Personal Liability Through Warranties Or Informal Promises
Founders sometimes sign investment documents without realising they’ve given broad warranties personally.
For example, you might warrant that:
- the company owns all IP
- there are no disputes
- all material information has been disclosed
If those statements are wrong (even unintentionally), you could face a claim.
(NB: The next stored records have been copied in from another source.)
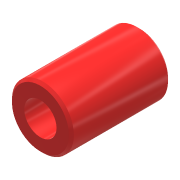
# Autodesk Inventor part: ARL-2608E
Saved by Autodesk Inventor 2018 (Build 220112000, 112)
## iProperties
Created: 2018-08-31
Part Number: ARL-2608E
Material: 一般
Document SubType Name: Modeling
Designer: student
Density: 1 g/cm^3
Appearance: 淡い赤
Author: student
Autodesk Inventor part; units mm, degrees
ref_plane "YZ Plane" through (0, 0, 0) normal (1, 0, 0) x (0, 1, 0)
ref_plane "XZ Plane" through (0, 0, 0) normal (0, 1, 0) x (-1, 0, 0)
ref_plane "XY Plane" through (0, 0, 0) normal (0, 0, 1) x (1, 0, 0)
sketch "スケッチ1" plane through (0, 0, 0) normal (0, 1, 0) x (1, 0, 0)
  circle A0 centre (0, 0) radius 2.5
  circle A1 centre (0, 0) radius 1.3
  dimension "d0" = 5
  dimension "d1" = 2.6
  constraints: 2 centre point, 2 coincident
  measures "d0" diameter of A0
  measures "d1" diameter of A1
extrude "押し出し1" add sketch "スケッチ1" along normal mid plane 8
chamfer "面取り1" distance 0.2 angle 45 2 edges at (-2.5, 4, 0) (-2.5, -4, 0)
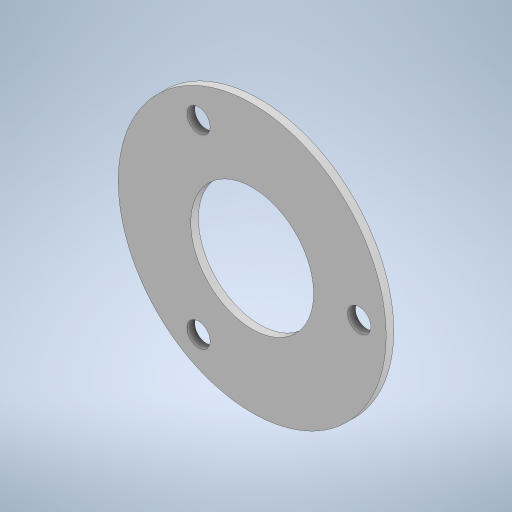
# Autodesk Inventor part: платик крепежный
Saved by Autodesk Inventor 2024.2 (Build 282272000, 272)
## iProperties
Created: 2024-04-17
Part Number: платик крепежный
Material: Generic
Document SubType Name: Sheet Metal
Designer: admin
Density: 1 g/cm^3
Sheet Metal Rule: Default
Appearance: Default
Flat Pattern Width: 7 cm
Flat Pattern Length: 7 cm
Flat Pattern Area: 49 cm^2
Sheet Metal Width: 70,000 mm
Sheet Metal Length: 70,000 mm
Sheet Metal Area: 4900,000 mm^2
Author: admin
Autodesk Inventor part; units mm, degrees
ref_plane "YZ Plane" through (0, 0, 0) normal (1, 0, 0) x (0, 1, 0)
ref_plane "XZ Plane" through (0, 0, 0) normal (0, 1, 0) x (-1, 0, 0)
ref_plane "XY Plane" through (0, 0, 0) normal (0, 0, 1) x (1, 0, 0)
sketch "Sketch1" plane through (0, 0, 0) normal (0, 0, 1) x (1, 0, 0)
  circle A0 centre (0, 0) radius 35
  dimension "d0" = 70
  measures "d0" diameter of A0
extrude "Plate1" add sketch "Sketch1" along normal blind 2
sketch "Sketch2" plane through (0, 0, 0) normal (0, 0, 1) x (1, 0, 0)
  point P0 (0, 0)
  point P1 (28, 0)
  dimension "d2" = 28
  constraints: 1 horizontal alignment
  measures "d2" distance of point (0, 0) point (28, 0)
hole "Hole1" at (28, 0, 0) direction (0, 0, 1) diameter 6 end through all
pattern_circular "Circular Pattern1" count 3 over 360 about axis through (0, 0, -10) along (0, 0, 1) of "Hole1"
sketch "Sketch3" plane through (0, 0, 2) normal (0, 0, 1) x (1, 0, 0)
  circle A0 centre (0, 0) radius 16.05
  dimension "d13" = 32.1
  constraints: 1 centre point, 1 coincident
  measures "d13" diameter of A0
extrude "Extrusion1" cut sketch "Sketch3" against normal through all
equation "\"d0\" = Внешний_диам_фланца"
equation "\"d8\" = Thickness"
equation "\"d1\" = Thickness"
equation "\"BendRadius\" = Thickness"
equation "\"BendReliefWidth\" = Thickness"
equation "\"BendReliefDepth\" = 0.5 * Thickness"
equation "\"CornerReliefSize\" = 4 * Thickness"
equation "\"MinimumRemnant\" = 2 * Thickness"
equation "\"TransitionRadius\" = BendRadius"
equation "\"JacobiRadiusSize\" = BendRadius"
equation "\"GapSize\" = Thickness"
equation "\"Внешний_диам_фланца\" = 70"
equation "\"Thickness\" = 2"
body "Solid1"

This is a good reason to get your documents reviewed and make sure the liability position is proportionate for a seed-stage deal.
Not Thinking About Data Protection Early
If your startup collects personal data (customer emails, user accounts, analytics identifiers, health data, etc.), you need to take privacy compliance seriously.
Seed investors may ask whether you’re complying with the UK GDPR and the Data Protection Act 2018, especially if your business is data-driven.
A properly drafted Privacy Policy is often one of the first practical steps - but you may also need internal processes around security, retention, and data sharing.
Signing “Quick” Documents That Are Hard To Undo
In fundraising, speed matters - but it’s not worth signing something you don’t understand just to move fast.
As a general rule, if the document creates legal obligations (payment, conversion, control rights, exclusivity), assume it can be enforceable if it’s properly formed.
Even outside fundraising, it helps to understand the basics of legally binding contracts, because the same principles apply: offer, acceptance, consideration, and intention to create legal relations.
Key Takeaways
- Seed money is early-stage funding that can accelerate growth, but it also sets expectations about ownership, control, and reporting.
- While it’s not strictly required in every case, most startups raising seed money from external investors will benefit from (and are often expected to have) a UK limited company structure in place before taking funds.
- Common seed funding structures include priced equity rounds, convertible notes, and deferred equity instruments (such as ASAs, and UK-adapted SAFE-style documents) - each has different legal and practical consequences.
- Your key documents may include a term sheet, investment/subscription agreement, and a Shareholders Agreement to manage decision-making and future scenarios.
- Watch out for control-heavy terms, broad warranties, messy cap tables, and unclear IP ownership - these can all create major issues in later funding rounds.
- Getting your legal foundations right early (company documents, IP, hiring contracts, privacy compliance) makes future fundraising smoother and reduces avoidable risk.